• Activity: Copy out exactly the lines that begin with the one containing "line L2 (-32.5, 43.75) -> (-32.5, -43.75)" and continue until the last line of the material.
------------------------------------------------
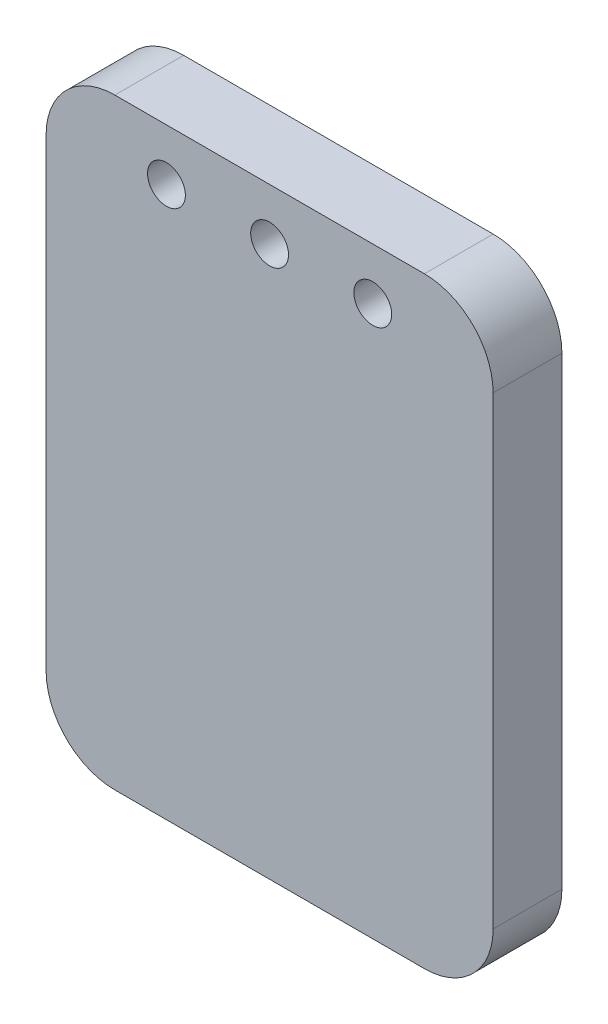
SolidWorks part; units mm, degrees
ref_plane "Front" through (0, 0, 0) normal (0, 0, 1) x (1, 0, 0)
ref_plane "Top" through (0, 0, 0) normal (0, 1, 0) x (1, 0, 0)
ref_plane "Right" through (0, 0, 0) normal (1, 0, 0) x (0, 0, -1)
sketch "Sketch1" plane through (0, 0, 0) normal (0, 0, 1) x (1, 0, 0)
  line L1 (-32.5, 43.75) -> (32.5, 43.75)
  line L2 (-32.5, 43.75) -> (-32.5, -43.75)
  line L3 (-32.5, -43.75) -> (32.5, -43.75)
  line L4 (32.5, 43.75) -> (32.5, -43.75)
  line L5 (-32.5, 43.75) -> (32.5, -43.75) construction
  line L6 (-32.5, -43.75) -> (32.5, 43.75) construction
  circle A0 centre (-15, 36.25) radius 2.75
  circle A1 centre (0, 36.25) radius 2.75
  circle A2 centre (15, 36.25) radius 2.75
  point P4 (0, 0)
  dimension "D3" = 15
  dimension "D4" = 15
  dimension "D5" = 5.5
  dimension "D1" = 87.5
  dimension "D2" = 65
  dimension "D6" = 7.5
extrude "Boss-Extrude1" add sketch "Sketch1" along normal blind 10
fillet "Fillet1" radius 10 4 edges at (-32.5, 43.75, 5) (32.5, 43.75, 5) (32.5, -43.75, 5) (-32.5, -43.75, 5)
------------------------------------------------
• Exercise response:
  line L2 (-32.5, 43.75) -> (-32.5, -43.75)
  line L3 (-32.5, -43.75) -> (32.5, -43.75)
  line L4 (32.5, 43.75) -> (32.5, -43.75)
  line L5 (-32.5, 43.75) -> (32.5, -43.75) construction
  line L6 (-32.5, -43.75) -> (32.5, 43.75) construction
  circle A0 centre (-15, 36.25) radius 2.75
  circle A1 centre (0, 36.25) radius 2.75
  circle A2 centre (15, 36.25) radius 2.75
  point P4 (0, 0)
  dimension "D3" = 15
  dimension "D4" = 15
  dimension "D5" = 5.5
  dimension "D1" = 87.5
  dimension "D2" = 65
  dimension "D6" = 7.5
extrude "Boss-Extrude1" add sketch "Sketch1" along normal blind 10
fillet "Fillet1" radius 10 4 edges at (-32.5, 43.75, 5) (32.5, 43.75, 5) (32.5, -43.75, 5) (-32.5, -43.75, 5)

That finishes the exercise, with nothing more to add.